Why Anxiety Feels Physical: Understanding Your Nervous System | Cedar Rose Counseling

 

If you've ever experienced a racing heart, stomach in knots, or muscles so tense you can't seem to relax—even when there's no clear danger present—you're not alone. And more importantly, you're not imagining it.

As a licensed therapist specializing in holistic anxiety treatment at Cedar Rose Counseling & Wellness in West Chester, Ohio, I work with women every day who are struggling to understand why their anxiety feels so overwhelmingly physical. They often come to therapy asking, "Why can't I just calm down?" or "What's wrong with me?"

Here's what I tell them: Nothing is wrong with you. Your body is doing exactly what it's designed to do.

Anxiety isn't just a mental experience—it's a full-body phenomenon rooted in your nervous system's attempt to protect you.

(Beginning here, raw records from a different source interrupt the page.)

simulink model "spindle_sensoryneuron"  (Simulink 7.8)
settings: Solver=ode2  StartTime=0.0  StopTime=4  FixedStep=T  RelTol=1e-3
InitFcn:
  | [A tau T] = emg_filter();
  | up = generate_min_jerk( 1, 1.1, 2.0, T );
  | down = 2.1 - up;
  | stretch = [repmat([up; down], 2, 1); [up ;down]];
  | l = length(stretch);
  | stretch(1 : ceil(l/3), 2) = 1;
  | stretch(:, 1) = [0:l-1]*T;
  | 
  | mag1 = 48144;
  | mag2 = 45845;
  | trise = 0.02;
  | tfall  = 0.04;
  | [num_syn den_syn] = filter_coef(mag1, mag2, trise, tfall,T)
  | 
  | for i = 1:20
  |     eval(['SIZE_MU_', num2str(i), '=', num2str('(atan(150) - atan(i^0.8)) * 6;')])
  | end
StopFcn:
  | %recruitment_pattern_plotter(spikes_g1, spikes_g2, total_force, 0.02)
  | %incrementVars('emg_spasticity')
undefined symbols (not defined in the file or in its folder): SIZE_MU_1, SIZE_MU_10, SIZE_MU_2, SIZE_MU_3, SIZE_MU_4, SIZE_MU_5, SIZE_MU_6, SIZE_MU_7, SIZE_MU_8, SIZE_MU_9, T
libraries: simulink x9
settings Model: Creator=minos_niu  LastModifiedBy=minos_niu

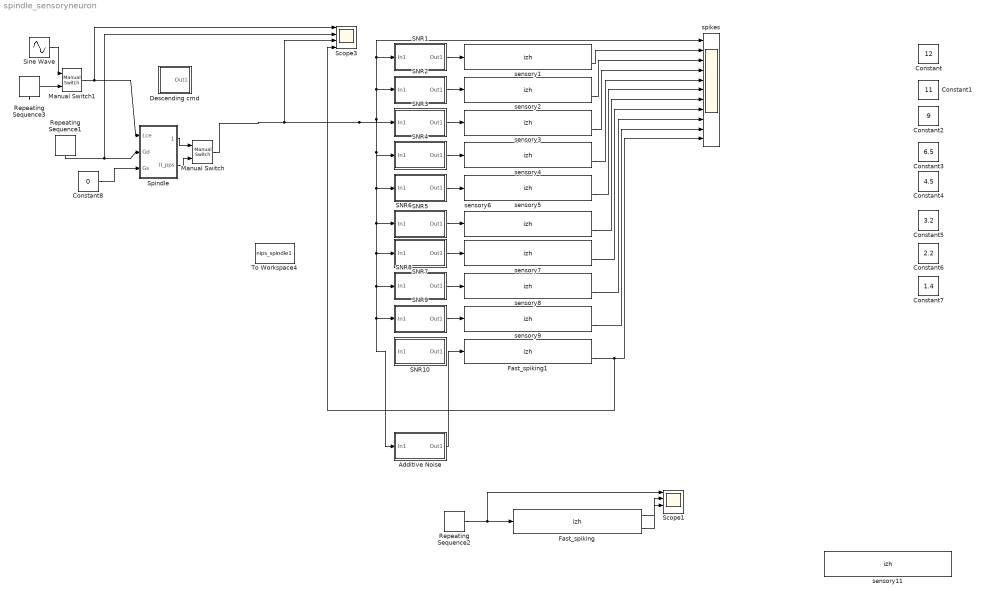
== system spindle_sensoryneuron ==
  Additive Noise : Subsystem
  Constant : Constant  Value=12
  Constant1 : Constant  Value=11
  Constant2 : Constant  Value=9
  Constant3 : Constant  Value=6.5
  Constant4 : Constant  Value=4.5
  Constant5 : Constant  Value=3.2
  Constant6 : Constant  Value=2.2
  Constant7 : Constant  Value=1.4
  Constant8 : Constant  Value=0
  Descending cmd : Subsystem
  Fast_spiking : S-Function  FunctionName=izh  Parameters=[0.01 0.2 -65.0 2.0 30.0 SIZE_MU_10] [-70.0 -14.0]  EnableBusSupport=off
      mask Display:
      | port_label('input', 1, 'syn curr');
      | port_label('output', 1, 'action potential');
      | port_label('output', 2, 'spike');
      | disp('Izhi Neuron \n(S-Function)')
  Fast_spiking1 : S-Function  FunctionName=izh  Parameters=[0.01 0.2 -65.0 2.0 30.0 SIZE_MU_10] [-70.0 -14.0]  EnableBusSupport=off
      mask Display:
      | port_label('input', 1, 'syn curr');
      | port_label('output', 1, 'action potential');
      | port_label('output', 2, 'spike');
      | disp('Izhi Neuron \n(S-Function)')
  Manual Switch : simulink/Signal Routing/Manual Switch  sw=1  action=0  varsize=off
  Manual Switch1 : simulink/Signal Routing/Manual Switch  sw=1  action=0  varsize=off
  Repeating Sequence1 : simulink/Sources/Repeating Sequence  rep_seq_t=[0 1.8 2.1 4.0]  rep_seq_y=[1.00 1.0 80.0 80.0]
  Repeating Sequence2 : simulink/Sources/Repeating Sequence  rep_seq_t=[0 0.3 4.0]  rep_seq_y=[0 0 45 ]
  Repeating Sequence3 : simulink/Sources/Repeating Sequence  rep_seq_t=[0 1.3 1.5 4.0]  rep_seq_y=[1.00 1.0 1.04 1.04]
  SNR1 : Subsystem
  SNR10 : Subsystem
  SNR2 : Subsystem
  SNR3 : Subsystem
  SNR4 : Subsystem
  SNR5 : Subsystem
  SNR6 : Subsystem
  SNR7 : Subsystem
  SNR8 : Subsystem
  SNR9 : Subsystem
  Scope1 : Scope  NumInputPorts=4
      settings: TimeRange=10  YMin=0~-5~-5~-5  YMax=37.5~5~5~5  SaveName=total_force  DataFormat=Structure
  Scope3 : Scope  NumInputPorts=4
      settings: TimeRange=10  YMin=0~-5~-5~-5  YMax=37.5~5~5~5  SaveName=total_force2  DataFormat=Structure
  Sine Wave : Sin  Amplitude=0.1  Bias=1.1  Frequency=2*pi*2  Phase=-pi/2  SampleTime=T
  Spindle : Subsystem
  To Workspace4 : ToWorkspace  VariableName=nips_spindle1  SampleTime=-1  SaveFormat=Structure With Time
  sensory1 : S-Function  FunctionName=izh  Parameters=[0.02 0.2 -65.0 6.0 30.0 SIZE_MU_1] [-70.0 -14.0]  EnableBusSupport=off
      mask Display:
      | port_label('input', 1, 'syn curr');
      | port_label('output', 1, 'action potential');
      | port_label('output', 2, 'spike');
      | disp('Izhi Neuron \n(S-Function)')
  sensory11 : S-Function  FunctionName=izh  Parameters=[0.02 0.2 -65.0 6.0 30.0 SIZE_MU_10] [-70.0 -14.0]  EnableBusSupport=off
      mask Display:
      | port_label('input', 1, 'syn curr');
      | port_label('output', 1, 'action potential');
      | port_label('output', 2, 'spike');
      | disp('Izhi Neuron \n(S-Function)')
  sensory2 : S-Function  FunctionName=izh  Parameters=[0.02 0.2 -65.0 6.0 30.0 SIZE_MU_2] [-70.0 -14.0]  EnableBusSupport=off
      mask Display:
      | port_label('input', 1, 'syn curr');
      | port_label('output', 1, 'action potential');
      | port_label('output', 2, 'spike');
      | disp('Izhi Neuron \n(S-Function)')
  sensory3 : S-Function  FunctionName=izh  Parameters=[0.02 0.2 -65.0 6.0 30.0 SIZE_MU_3] [-70.0 -14.0]  EnableBusSupport=off
      mask Display:
      | port_label('input', 1, 'syn curr');
      | port_label('output', 1, 'action potential');
      | port_label('output', 2, 'spike');
      | disp('Izhi Neuron \n(S-Function)')
  sensory4 : S-Function  FunctionName=izh  Parameters=[0.02 0.2 -65.0 6.0 30.0 SIZE_MU_4] [-70.0 -14.0]  EnableBusSupport=off
      mask Display:
      | port_label('input', 1, 'syn curr');
      | port_label('output', 1, 'action potential');
      | port_label('output', 2, 'spike');
      | disp('Izhi Neuron \n(S-Function)')
  sensory5 : S-Function  FunctionName=izh  Parameters=[0.02 0.2 -65.0 6.0 30.0 SIZE_MU_5] [-70.0 -14.0]  EnableBusSupport=off
      mask Display:
      | port_label('input', 1, 'syn curr');
      | port_label('output', 1, 'action potential');
      | port_label('output', 2, 'spike');
      | disp('Izhi Neuron \n(S-Function)')
  sensory6 : S-Function  FunctionName=izh  Parameters=[0.02 0.2 -65.0 6.0 30.0 SIZE_MU_6] [-70.0 -14.0]  EnableBusSupport=off
      mask Display:
      | port_label('input', 1, 'syn curr');
      | port_label('output', 1, 'action potential');
      | port_label('output', 2, 'spike');
      | disp('Izhi Neuron \n(S-Function)')
  sensory7 : S-Function  FunctionName=izh  Parameters=[0.02 0.2 -65.0 6.0 30.0 SIZE_MU_7] [-70.0 -14.0]  EnableBusSupport=off
      mask Display:
      | port_label('input', 1, 'syn curr');
      | port_label('output', 1, 'action potential');
      | port_label('output', 2, 'spike');
      | disp('Izhi Neuron \n(S-Function)')
  sensory8 : S-Function  FunctionName=izh  Parameters=[0.02 0.2 -65.0 6.0 30.0 SIZE_MU_8] [-70.0 -14.0]  EnableBusSupport=off
      mask Display:
      | port_label('input', 1, 'syn curr');
      | port_label('output', 1, 'action potential');
      | port_label('output', 2, 'spike');
      | disp('Izhi Neuron \n(S-Function)')
  sensory9 : S-Function  FunctionName=izh  Parameters=[0.02 0.2 -65.0 6.0 30.0 SIZE_MU_9] [-70.0 -14.0]  EnableBusSupport=off
      mask Display:
      | port_label('input', 1, 'syn curr');
      | port_label('output', 1, 'action potential');
      | port_label('output', 2, 'spike');
      | disp('Izhi Neuron \n(S-Function)')
  spikes : Scope  NumInputPorts=11
      settings: TickLabels=on  TimeRange=5  YMin=-1000~-5~-5~-5~-5~-5~-5~-5~-5~-5~-5  YMax=5000~5~5~5~5~5~5~5~5~5~5  SaveName=spikes_g1  DataFormat=Structure
  wires:
  sensory1/2 -> spikes/2
  sensory2/2 -> spikes/3
  sensory3/2 -> spikes/4
  sensory4/2 -> spikes/5
  sensory5/2 -> spikes/6
  sensory6/2 -> spikes/7
  sensory7/2 -> spikes/8
  sensory9/2 -> spikes/10
  Fast_spiking1/2 -> spikes/11, Scope3/4
  sensory8/2 -> spikes/9
  SNR1/1(Out1) -> sensory1/1
  SNR2/1(Out1) -> sensory2/1
  SNR3/1(Out1) -> sensory3/1
  SNR4/1(Out1) -> sensory4/1
  SNR5/1(Out1) -> sensory5/1
  SNR6/1(Out1) -> sensory6/1
  SNR7/1(Out1) -> sensory7/1
  SNR8/1(Out1) -> sensory8/1
  SNR9/1(Out1) -> sensory9/1
  Constant8/1 -> Spindle/3(Gs)
  Spindle/1(Ia_pps) -> Manual Switch/1
  Spindle/2(II_pps) -> Manual Switch/2
  Manual Switch/1 -> SNR2/1(In1), SNR1/1(In1), spikes/1, SNR4/1(In1), SNR5/1(In1), SNR6/1(In1), SNR7/1(In1), SNR8/1(In1), SNR9/1(In1), Additive Noise/1(In1), SNR3/1(In1), Scope3/3
  Repeating Sequence2/1 -> Fast_spiking/1, Scope1/1
  Fast_spiking/1 -> Scope1/2
  Fast_spiking/2 -> Scope1/3
  Additive Noise/1(Out1) -> Fast_spiking1/1
  Manual Switch1/1 -> Spindle/1(Lce), Scope3/1
  Sine Wave/1 -> Manual Switch1/1
  Repeating Sequence3/1 -> Manual Switch1/2
  Repeating Sequence1/1 -> Spindle/2(Gd), Scope3/2

== system spindle_sensoryneuron/Additive Noise ==
  In1 : Inport
  Add : Sum
  Scope : Scope
  Uniform Random Number : UniformRandomNumber  Minimum=-1.0  Maximum=1.0  SampleTime=T
  Out1 : Outport
  wires:
  Add/1 -> Scope/1, Out1/1
  In1/1 -> Add/1
  Uniform Random Number/1 -> Add/2

== system spindle_sensoryneuron/Descending cmd ==
  Add2 : Sum
  Descending1 : simulink/Sources/Repeating Sequence  rep_seq_t=[0 1.1 3.1 6.8 9.5 10 ]  rep_seq_y=[0 0 20 20 0 0]*1
  Descending2 : simulink/Sources/Repeating Sequence  rep_seq_t=[0 0.5 1]  rep_seq_y=[0 200 200]*0
  Manual Switch : simulink/Signal Routing/Manual Switch  sw=0  action=0  varsize=off
  Uniform Random Number : UniformRandomNumber  Minimum=-6  Maximum=0  SampleTime=T
  Out1 : Outport
  wires:
  Manual Switch/1 -> Out1/1
  Add2/1 -> Manual Switch/1
  Uniform Random Number/1 -> Add2/2
  Descending2/1 -> Manual Switch/2
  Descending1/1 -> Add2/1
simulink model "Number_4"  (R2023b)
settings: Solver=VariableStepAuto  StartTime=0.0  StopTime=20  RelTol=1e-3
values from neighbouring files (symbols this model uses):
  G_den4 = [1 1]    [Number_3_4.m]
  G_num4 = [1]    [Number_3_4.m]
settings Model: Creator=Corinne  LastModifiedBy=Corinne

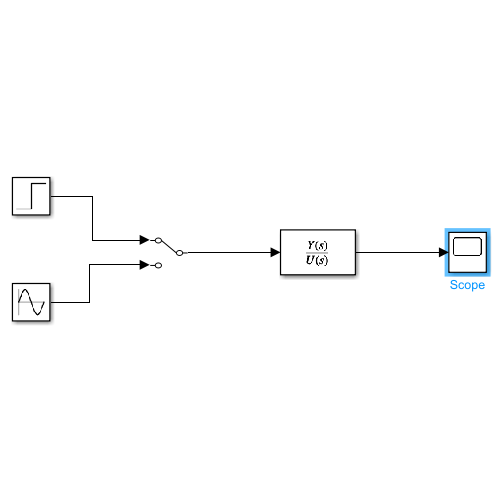
[thumbnail: Simulink's stored preview of the top-level diagram]
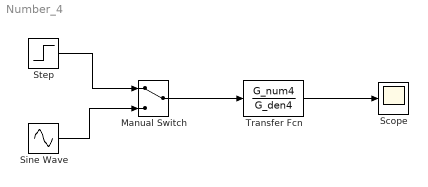
== system Number_4 ==
  Manual Switch : ManualSwitch
  Scope : Scope
  Sine Wave : Sin  SampleTime=0
  Step : Step  Time=0  SampleTime=0
  Transfer Fcn : TransferFcn  Numerator=G_num4  Denominator=G_den4
  wires:
  Step/1 -> Manual Switch/1
  Sine Wave/1 -> Manual Switch/2
  Manual Switch/1 -> Transfer Fcn/1
  Transfer Fcn/1 -> Scope/1
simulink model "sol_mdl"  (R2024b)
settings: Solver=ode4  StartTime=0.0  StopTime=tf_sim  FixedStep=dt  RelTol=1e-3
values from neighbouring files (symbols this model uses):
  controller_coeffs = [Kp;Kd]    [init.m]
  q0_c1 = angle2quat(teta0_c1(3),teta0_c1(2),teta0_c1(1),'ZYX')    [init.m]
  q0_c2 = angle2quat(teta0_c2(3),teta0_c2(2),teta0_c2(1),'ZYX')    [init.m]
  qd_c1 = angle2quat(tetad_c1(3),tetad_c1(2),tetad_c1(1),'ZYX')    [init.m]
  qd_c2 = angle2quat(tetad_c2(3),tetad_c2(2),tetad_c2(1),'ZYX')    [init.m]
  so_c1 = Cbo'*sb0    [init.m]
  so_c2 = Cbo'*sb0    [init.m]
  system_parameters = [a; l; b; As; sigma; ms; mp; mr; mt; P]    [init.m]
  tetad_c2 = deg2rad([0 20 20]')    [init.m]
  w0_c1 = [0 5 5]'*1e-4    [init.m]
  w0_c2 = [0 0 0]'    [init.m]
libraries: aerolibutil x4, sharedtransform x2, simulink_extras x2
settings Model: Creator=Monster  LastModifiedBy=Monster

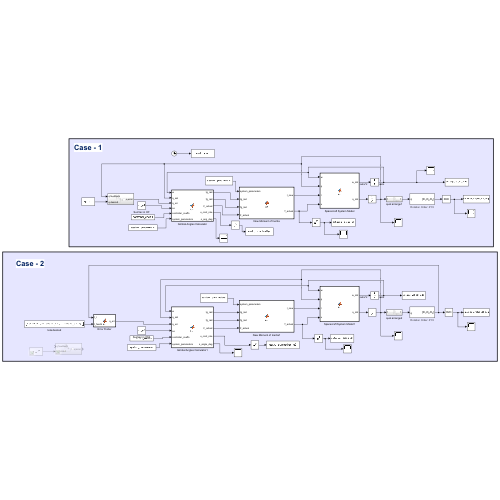
[thumbnail: Simulink's stored preview of the top-level diagram]
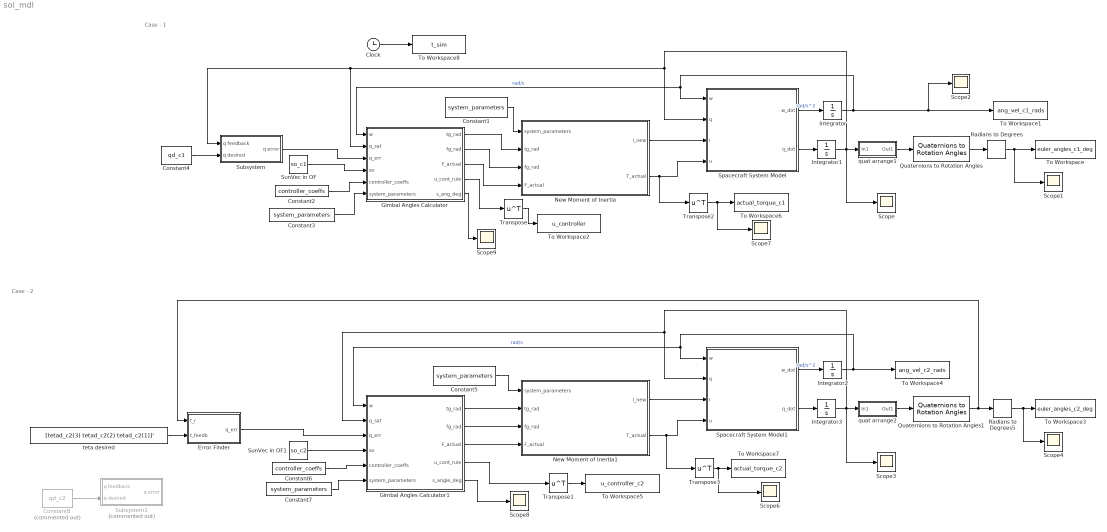
== system sol_mdl ==
  note: Case - 1
  note: Case - 2
  Clock : Clock
  Constant{1,3,5,7} (4 alike) : Constant  Value=system_parameters
  Constant2 : Constant  Value=controller_coeffs
  Constant4 : Constant  Value=qd_c1
  Constant6 : Constant  Value=controller_coeffs
  Constant8 : Constant  Commented=on  Value=qd_c2
  Error Finder : MATLAB Function  TreatAsAtomicUnit=on
  Gimbal Angles Calculator : MATLAB Function  TreatAsAtomicUnit=on
  Gimbal Angles Calculator1 : MATLAB Function  TreatAsAtomicUnit=on
  Integrator : Integrator  InitialCondition=w0_c1
  Integrator1 : Integrator  InitialCondition=[q0_c1(2:4)';q0_c1(1)]
  Integrator2 : Integrator  InitialCondition=w0_c2
  Integrator3 : Integrator  InitialCondition=[q0_c2(2:4)';q0_c2(1)]
  New Moment of Inertia : MATLAB Function  TreatAsAtomicUnit=on
  New Moment of Inertia1 : MATLAB Function  TreatAsAtomicUnit=on
  Quaternions to Rotation Angles : sharedtransform/Quaternions to Rotation Angles  rotationOrder=ZYX  aMode=aMode
  Quaternions to Rotation Angles1 : sharedtransform/Quaternions to Rotation Angles  rotationOrder=ZYX  aMode=aMode
  Radians to Degrees : simulink_extras/Transformations/Radians to Degrees
  Radians to Degrees5 : simulink_extras/Transformations/Radians to Degrees
  Scope{,1..4,6..9} (9 alike) : Scope
  Spacecraft System Model : MATLAB Function  TreatAsAtomicUnit=on
  Spacecraft System Model1 : MATLAB Function  TreatAsAtomicUnit=on
  Subsystem : Subsystem
  Subsystem1 : Subsystem  Commented=on
  SunVec in OF : Constant  Value=so_c1
  SunVec in OF1 : Constant  Value=so_c2
  To Workspace : ToWorkspace  VariableName=euler_angles_c1_deg  SampleTime=-1
      settings: Save2DSignal=2-D array (concatenate along first dimension)
  To Workspace1 : ToWorkspace  VariableName=ang_vel_c1_rads  SampleTime=-1
      settings: Save2DSignal=2-D array (concatenate along first dimension)
  To Workspace2 : ToWorkspace  VariableName=u_controller  SampleTime=-1
      settings: Save2DSignal=2-D array (concatenate along first dimension)
  To Workspace3 : ToWorkspace  VariableName=euler_angles_c2_deg  SampleTime=-1
      settings: Save2DSignal=2-D array (concatenate along first dimension)
  To Workspace4 : ToWorkspace  VariableName=ang_vel_c2_rads  SampleTime=-1
      settings: Save2DSignal=2-D array (concatenate along first dimension)
  To Workspace5 : ToWorkspace  VariableName=u_controller_c2  SampleTime=-1
      settings: Save2DSignal=2-D array (concatenate along first dimension)
  To Workspace6 : ToWorkspace  VariableName=actual_torque_c1  SampleTime=-1
      settings: Save2DSignal=2-D array (concatenate along first dimension)
  To Workspace7 : ToWorkspace  VariableName=actual_torque_c2  SampleTime=-1
      settings: Save2DSignal=2-D array (concatenate along first dimension)
  To Workspace8 : ToWorkspace  VariableName=t_sim  SampleTime=-1
      settings: Save2DSignal=2-D array (concatenate along first dimension)
  Transpose{,1..3} (4 alike) : Math  Operator=transpose
  quat arrange1 : Subsystem
  quat arrange2 : Subsystem
  teta desired : Constant  Value=[tetad_c2(3) tetad_c2(2) tetad_c2(1)]'
  wires:
  Spacecraft System Model/2(q_dot) -> Integrator1/1
  Spacecraft System Model/1(w_dot) -> Integrator/1  "rad/s^2"
  Integrator/1 -> Scope2/1, To Workspace1/1, Gimbal Angles Calculator/1(w), Spacecraft System Model/1(w)  "rad/s"
  Constant1/1 -> New Moment of Inertia/1(system_parameters)
  New Moment of Inertia/1(I_new) -> Spacecraft System Model/3(I)
  Quaternions to Rotation Angles/1 -> Radians to Degrees/1
  Constant2/1 -> Gimbal Angles Calculator/5(controller_coeffs)
  Gimbal Angles Calculator/1(tg_rad) -> New Moment of Inertia/2(tg_rad)
  Gimbal Angles Calculator/2(fg_rad) -> New Moment of Inertia/3(fg_rad)
  SunVec in OF/1 -> Gimbal Angles Calculator/4(so)
  Constant3/1 -> Gimbal Angles Calculator/6(system_parameters)
  Constant4/1 -> Subsystem/2(q desired)
  Subsystem/1(q error) -> Gimbal Angles Calculator/3(q_err)
  Gimbal Angles Calculator/3(F_actual) -> New Moment of Inertia/4(F_actual)
  New Moment of Inertia/2(T_actual) -> Transpose2/1, Spacecraft System Model/4(u)
  Gimbal Angles Calculator/4(u_cont_rule) -> Transpose/1
  Transpose/1 -> To Workspace2/1
  Radians to Degrees/1 -> Scope1/1, To Workspace/1
  Integrator1/1 -> Scope/1, Gimbal Angles Calculator/2(q_sat), Subsystem/1(q feedback), Spacecraft System Model/2(q), quat arrange1/1(In1)
  quat arrange1/1(Out1) -> Quaternions to Rotation Angles/1
  quat arrange2/1(Out1) -> Quaternions to Rotation Angles1/1
  Integrator3/1 -> quat arrange2/1(In1), Spacecraft System Model1/2(q), Gimbal Angles Calculator1/2(q_sat), Scope3/1
  Quaternions to Rotation Angles1/1 -> Error Finder/1(t_r), Radians to Degrees5/1
  Transpose1/1 -> To Workspace5/1
  Gimbal Angles Calculator1/4(u_cont_rule) -> Transpose1/1
  Gimbal Angles Calculator1/3(F_actual) -> New Moment of Inertia1/4(F_actual)
  Constant8/1 -> Subsystem1/2(q desired)
  Constant7/1 -> Gimbal Angles Calculator1/6(system_parameters)
  SunVec in OF1/1 -> Gimbal Angles Calculator1/4(so)
  Gimbal Angles Calculator1/2(fg_rad) -> New Moment of Inertia1/3(fg_rad)
  Gimbal Angles Calculator1/1(tg_rad) -> New Moment of Inertia1/2(tg_rad)
  Constant6/1 -> Gimbal Angles Calculator1/5(controller_coeffs)
  New Moment of Inertia1/1(I_new) -> Spacecraft System Model1/3(I)
  Constant5/1 -> New Moment of Inertia1/1(system_parameters)
  Integrator2/1 -> Spacecraft System Model1/1(w), Gimbal Angles Calculator1/1(w), To Workspace4/1  "rad/s"
  Spacecraft System Model1/1(w_dot) -> Integrator2/1  "rad/s^2"
  Spacecraft System Model1/2(q_dot) -> Integrator3/1
  Transpose2/1 -> Scope7/1, To Workspace6/1
  Transpose3/1 -> Scope6/1, To Workspace7/1
  New Moment of Inertia1/2(T_actual) -> Transpose3/1, Spacecraft System Model1/4(u)
  Gimbal Angles Calculator1/5(s_angle_deg) -> Scope8/1
  Gimbal Angles Calculator/5(s_ang_deg) -> Scope9/1
  teta desired/1 -> Error Finder/2(t_feedb)
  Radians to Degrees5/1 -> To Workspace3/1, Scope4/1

When you understand what's actually happening in your body during anxious moments, everything starts to make sense. And from that understanding, real healing becomes possible.

Understanding Your Autonomic Nervous System

To understand why anxiety feels so physical, we first need to talk about your autonomic nervous system (ANS)—your body's built-in autopilot system.

The autonomic nervous system runs continuously in the background, managing essential functions you don't consciously control: your heartbeat, breathing rate, digestion, body temperature, and more. It's an incredibly sophisticated system designed to keep you alive and functioning optimally.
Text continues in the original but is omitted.